Sarah Gumbley is an Auckland-based independent publicist for authors, specialising in web media.
The morning of my fifth birthday was one of sheer excitement. After waking early and having already had the birthday breakfast and presents, all that was left to do was to wait until midday when around twenty-two five-year-olds would arrive for my party, the theme of which was, quite simply, pink. The colour pink had, in some form or another, already covered the house. From the pink balloons tied to the letterbox, to the pink streamers flying down the hallway, to the pink party table outside, soon to be covered in piles, of what would likely be, pink-wrapped presents.
The girls arrive dressed in various pink costumes. A collection of five-year-old fairies and princesses head out into the garden, picking up paper cups of fizzy drink on the way. Outside, games like ‘pass the parcel’ are held, presents are opened, and pink wafers and cupcakes are eaten, until the announcement is made.

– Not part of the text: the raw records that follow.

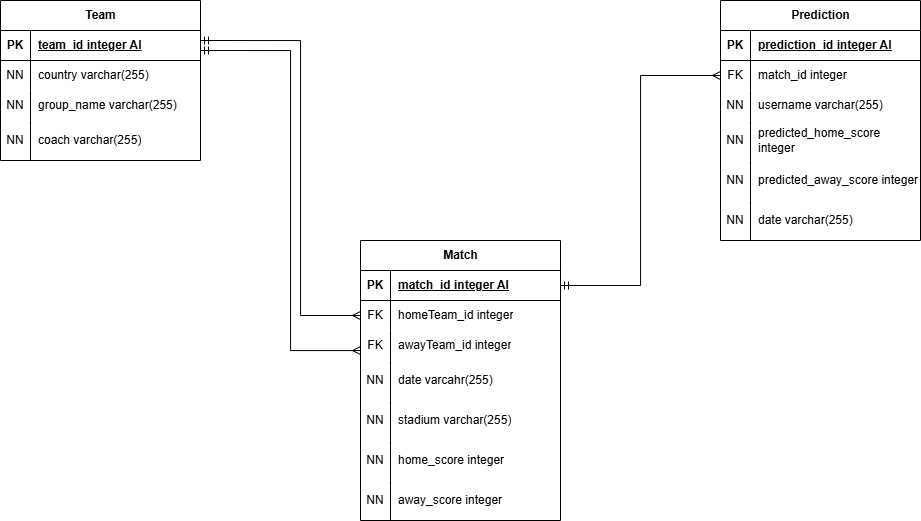

The diagram above was exported from draw.io. Its source (the exported page's mxGraphModel, read from the mxfile embedded in the PNG):
<mxGraphModel dx="2385" dy="777" grid="1" gridSize="10" guides="1" tooltips="1" connect="1" arrows="1" fold="1" page="1" pageScale="1" pageWidth="850" pageHeight="1100" math="0" shadow="0">
  <root>
    <mxCell id="0" />
    <mxCell id="1" parent="0" />
    <mxCell id="UXdkoQ7EeoyeTvR0OUC1-1" parent="1" style="shape=table;startSize=30;container=1;collapsible=1;childLayout=tableLayout;fixedRows=1;rowLines=0;fontStyle=1;align=center;resizeLast=1;html=1;" value="Team" vertex="1">
      <mxGeometry height="160" width="200" x="-80" as="geometry" />
    </mxCell>
    <mxCell id="UXdkoQ7EeoyeTvR0OUC1-2" parent="UXdkoQ7EeoyeTvR0OUC1-1" style="shape=tableRow;horizontal=0;startSize=0;swimlaneHead=0;swimlaneBody=0;fillColor=none;collapsible=0;dropTarget=0;points=[[0,0.5],[1,0.5]];portConstraint=eastwest;top=0;left=0;right=0;bottom=1;" value="" vertex="1">
      <mxGeometry height="30" width="200" y="30" as="geometry" />
    </mxCell>
    <mxCell id="UXdkoQ7EeoyeTvR0OUC1-3" parent="UXdkoQ7EeoyeTvR0OUC1-2" style="shape=partialRectangle;connectable=0;fillColor=none;top=0;left=0;bottom=0;right=0;fontStyle=1;overflow=hidden;whiteSpace=wrap;html=1;" value="PK" vertex="1">
      <mxGeometry height="30" width="30" as="geometry">
        <mxRectangle height="30" width="30" as="alternateBounds" />
      </mxGeometry>
    </mxCell>
    <mxCell id="UXdkoQ7EeoyeTvR0OUC1-4" parent="UXdkoQ7EeoyeTvR0OUC1-2" style="shape=partialRectangle;connectable=0;fillColor=none;top=0;left=0;bottom=0;right=0;align=left;spacingLeft=6;fontStyle=5;overflow=hidden;whiteSpace=wrap;html=1;" value="team_id integer AI" vertex="1">
      <mxGeometry height="30" width="170" x="30" as="geometry">
        <mxRectangle height="30" width="170" as="alternateBounds" />
      </mxGeometry>
    </mxCell>
    <mxCell id="UXdkoQ7EeoyeTvR0OUC1-5" parent="UXdkoQ7EeoyeTvR0OUC1-1" style="shape=tableRow;horizontal=0;startSize=0;swimlaneHead=0;swimlaneBody=0;fillColor=none;collapsible=0;dropTarget=0;points=[[0,0.5],[1,0.5]];portConstraint=eastwest;top=0;left=0;right=0;bottom=0;" value="" vertex="1">
      <mxGeometry height="30" width="200" y="60" as="geometry" />
    </mxCell>
    <mxCell id="UXdkoQ7EeoyeTvR0OUC1-6" parent="UXdkoQ7EeoyeTvR0OUC1-5" style="shape=partialRectangle;connectable=0;fillColor=none;top=0;left=0;bottom=0;right=0;editable=1;overflow=hidden;whiteSpace=wrap;html=1;" value="NN" vertex="1">
      <mxGeometry height="30" width="30" as="geometry">
        <mxRectangle height="30" width="30" as="alternateBounds" />
      </mxGeometry>
    </mxCell>
    <mxCell id="UXdkoQ7EeoyeTvR0OUC1-7" parent="UXdkoQ7EeoyeTvR0OUC1-5" style="shape=partialRectangle;connectable=0;fillColor=none;top=0;left=0;bottom=0;right=0;align=left;spacingLeft=6;overflow=hidden;whiteSpace=wrap;html=1;" value="country varchar(255)" vertex="1">
      <mxGeometry height="30" width="170" x="30" as="geometry">
        <mxRectangle height="30" width="170" as="alternateBounds" />
      </mxGeometry>
    </mxCell>
    <mxCell id="UXdkoQ7EeoyeTvR0OUC1-8" parent="UXdkoQ7EeoyeTvR0OUC1-1" style="shape=tableRow;horizontal=0;startSize=0;swimlaneHead=0;swimlaneBody=0;fillColor=none;collapsible=0;dropTarget=0;points=[[0,0.5],[1,0.5]];portConstraint=eastwest;top=0;left=0;right=0;bottom=0;" value="" vertex="1">
      <mxGeometry height="30" width="200" y="90" as="geometry" />
    </mxCell>
    <mxCell id="UXdkoQ7EeoyeTvR0OUC1-9" parent="UXdkoQ7EeoyeTvR0OUC1-8" style="shape=partialRectangle;connectable=0;fillColor=none;top=0;left=0;bottom=0;right=0;editable=1;overflow=hidden;whiteSpace=wrap;html=1;" value="NN" vertex="1">
      <mxGeometry height="30" width="30" as="geometry">
        <mxRectangle height="30" width="30" as="alternateBounds" />
      </mxGeometry>
    </mxCell>
    <mxCell id="UXdkoQ7EeoyeTvR0OUC1-10" parent="UXdkoQ7EeoyeTvR0OUC1-8" style="shape=partialRectangle;connectable=0;fillColor=none;top=0;left=0;bottom=0;right=0;align=left;spacingLeft=6;overflow=hidden;whiteSpace=wrap;html=1;" value="group_name varchar(255)" vertex="1">
      <mxGeometry height="30" width="170" x="30" as="geometry">
        <mxRectangle height="30" width="170" as="alternateBounds" />
      </mxGeometry>
    </mxCell>
    <mxCell id="UXdkoQ7EeoyeTvR0OUC1-11" parent="UXdkoQ7EeoyeTvR0OUC1-1" style="shape=tableRow;horizontal=0;startSize=0;swimlaneHead=0;swimlaneBody=0;fillColor=none;collapsible=0;dropTarget=0;points=[[0,0.5],[1,0.5]];portConstraint=eastwest;top=0;left=0;right=0;bottom=0;" value="" vertex="1">
      <mxGeometry height="40" width="200" y="120" as="geometry" />
    </mxCell>
    <mxCell id="UXdkoQ7EeoyeTvR0OUC1-12" parent="UXdkoQ7EeoyeTvR0OUC1-11" style="shape=partialRectangle;connectable=0;fillColor=none;top=0;left=0;bottom=0;right=0;editable=1;overflow=hidden;whiteSpace=wrap;html=1;" value="NN" vertex="1">
      <mxGeometry height="40" width="30" as="geometry">
        <mxRectangle height="40" width="30" as="alternateBounds" />
      </mxGeometry>
    </mxCell>
    <mxCell id="UXdkoQ7EeoyeTvR0OUC1-13" parent="UXdkoQ7EeoyeTvR0OUC1-11" style="shape=partialRectangle;connectable=0;fillColor=none;top=0;left=0;bottom=0;right=0;align=left;spacingLeft=6;overflow=hidden;whiteSpace=wrap;html=1;" value="coach varchar(255)" vertex="1">
      <mxGeometry height="40" width="170" x="30" as="geometry">
        <mxRectangle height="40" width="170" as="alternateBounds" />
      </mxGeometry>
    </mxCell>
    <mxCell id="UXdkoQ7EeoyeTvR0OUC1-40" parent="1" style="shape=table;startSize=30;container=1;collapsible=1;childLayout=tableLayout;fixedRows=1;rowLines=0;fontStyle=1;align=center;resizeLast=1;html=1;" value="Match" vertex="1">
      <mxGeometry height="280" width="200" x="280" y="240" as="geometry" />
    </mxCell>
    <mxCell id="UXdkoQ7EeoyeTvR0OUC1-41" parent="UXdkoQ7EeoyeTvR0OUC1-40" style="shape=tableRow;horizontal=0;startSize=0;swimlaneHead=0;swimlaneBody=0;fillColor=none;collapsible=0;dropTarget=0;points=[[0,0.5],[1,0.5]];portConstraint=eastwest;top=0;left=0;right=0;bottom=1;" value="" vertex="1">
      <mxGeometry height="30" width="200" y="30" as="geometry" />
    </mxCell>
    <mxCell id="UXdkoQ7EeoyeTvR0OUC1-42" parent="UXdkoQ7EeoyeTvR0OUC1-41" style="shape=partialRectangle;connectable=0;fillColor=none;top=0;left=0;bottom=0;right=0;fontStyle=1;overflow=hidden;whiteSpace=wrap;html=1;" value="PK" vertex="1">
      <mxGeometry height="30" width="30" as="geometry">
        <mxRectangle height="30" width="30" as="alternateBounds" />
      </mxGeometry>
    </mxCell>
    <mxCell id="UXdkoQ7EeoyeTvR0OUC1-43" parent="UXdkoQ7EeoyeTvR0OUC1-41" style="shape=partialRectangle;connectable=0;fillColor=none;top=0;left=0;bottom=0;right=0;align=left;spacingLeft=6;fontStyle=5;overflow=hidden;whiteSpace=wrap;html=1;" value="match_id integer AI" vertex="1">
      <mxGeometry height="30" width="170" x="30" as="geometry">
        <mxRectangle height="30" width="170" as="alternateBounds" />
      </mxGeometry>
    </mxCell>
    <mxCell id="UXdkoQ7EeoyeTvR0OUC1-44" parent="UXdkoQ7EeoyeTvR0OUC1-40" style="shape=tableRow;horizontal=0;startSize=0;swimlaneHead=0;swimlaneBody=0;fillColor=none;collapsible=0;dropTarget=0;points=[[0,0.5],[1,0.5]];portConstraint=eastwest;top=0;left=0;right=0;bottom=0;" value="" vertex="1">
      <mxGeometry height="30" width="200" y="60" as="geometry" />
    </mxCell>
    <mxCell id="UXdkoQ7EeoyeTvR0OUC1-45" parent="UXdkoQ7EeoyeTvR0OUC1-44" style="shape=partialRectangle;connectable=0;fillColor=none;top=0;left=0;bottom=0;right=0;editable=1;overflow=hidden;whiteSpace=wrap;html=1;" value="FK" vertex="1">
      <mxGeometry height="30" width="30" as="geometry">
        <mxRectangle height="30" width="30" as="alternateBounds" />
      </mxGeometry>
    </mxCell>
    <mxCell id="UXdkoQ7EeoyeTvR0OUC1-46" parent="UXdkoQ7EeoyeTvR0OUC1-44" style="shape=partialRectangle;connectable=0;fillColor=none;top=0;left=0;bottom=0;right=0;align=left;spacingLeft=6;overflow=hidden;whiteSpace=wrap;html=1;" value="homeTeam_id integer" vertex="1">
      <mxGeometry height="30" width="170" x="30" as="geometry">
        <mxRectangle height="30" width="170" as="alternateBounds" />
      </mxGeometry>
    </mxCell>
    <mxCell id="UXdkoQ7EeoyeTvR0OUC1-47" parent="UXdkoQ7EeoyeTvR0OUC1-40" style="shape=tableRow;horizontal=0;startSize=0;swimlaneHead=0;swimlaneBody=0;fillColor=none;collapsible=0;dropTarget=0;points=[[0,0.5],[1,0.5]];portConstraint=eastwest;top=0;left=0;right=0;bottom=0;" value="" vertex="1">
      <mxGeometry height="30" width="200" y="90" as="geometry" />
    </mxCell>
    <mxCell id="UXdkoQ7EeoyeTvR0OUC1-48" parent="UXdkoQ7EeoyeTvR0OUC1-47" style="shape=partialRectangle;connectable=0;fillColor=none;top=0;left=0;bottom=0;right=0;editable=1;overflow=hidden;whiteSpace=wrap;html=1;" value="FK" vertex="1">
      <mxGeometry height="30" width="30" as="geometry">
        <mxRectangle height="30" width="30" as="alternateBounds" />
      </mxGeometry>
    </mxCell>
    <mxCell id="UXdkoQ7EeoyeTvR0OUC1-49" parent="UXdkoQ7EeoyeTvR0OUC1-47" style="shape=partialRectangle;connectable=0;fillColor=none;top=0;left=0;bottom=0;right=0;align=left;spacingLeft=6;overflow=hidden;whiteSpace=wrap;html=1;" value="awayTeam_id integer" vertex="1">
      <mxGeometry height="30" width="170" x="30" as="geometry">
        <mxRectangle height="30" width="170" as="alternateBounds" />
      </mxGeometry>
    </mxCell>
    <mxCell id="UXdkoQ7EeoyeTvR0OUC1-50" parent="UXdkoQ7EeoyeTvR0OUC1-40" style="shape=tableRow;horizontal=0;startSize=0;swimlaneHead=0;swimlaneBody=0;fillColor=none;collapsible=0;dropTarget=0;points=[[0,0.5],[1,0.5]];portConstraint=eastwest;top=0;left=0;right=0;bottom=0;" value="" vertex="1">
      <mxGeometry height="40" width="200" y="120" as="geometry" />
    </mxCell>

“Now girls, we have a special visitor for you.” My mother calls out to us all. Twenty-two pairs of eyes turn, looking towards the hallway in anticipation, and small, breathless squeals emerge. The Pink Panther strolls into our garden. Bigger in real life, but just as pink and furry as I had imagined, all those mornings when I watched him in the cartoons.
“Now where’s the birthday girl?” Fingers all point in my direction. He walks over and starts talking to me. But I notice that the Pink Panther has a zip down his side. And a voice that’s very familiar. And on his feet are the same sneakers that sit by our front door every morning. That is not the Pink Panther.
The Pink Panther stops his talking, and turns his furry head and plastic eyes to look down at me.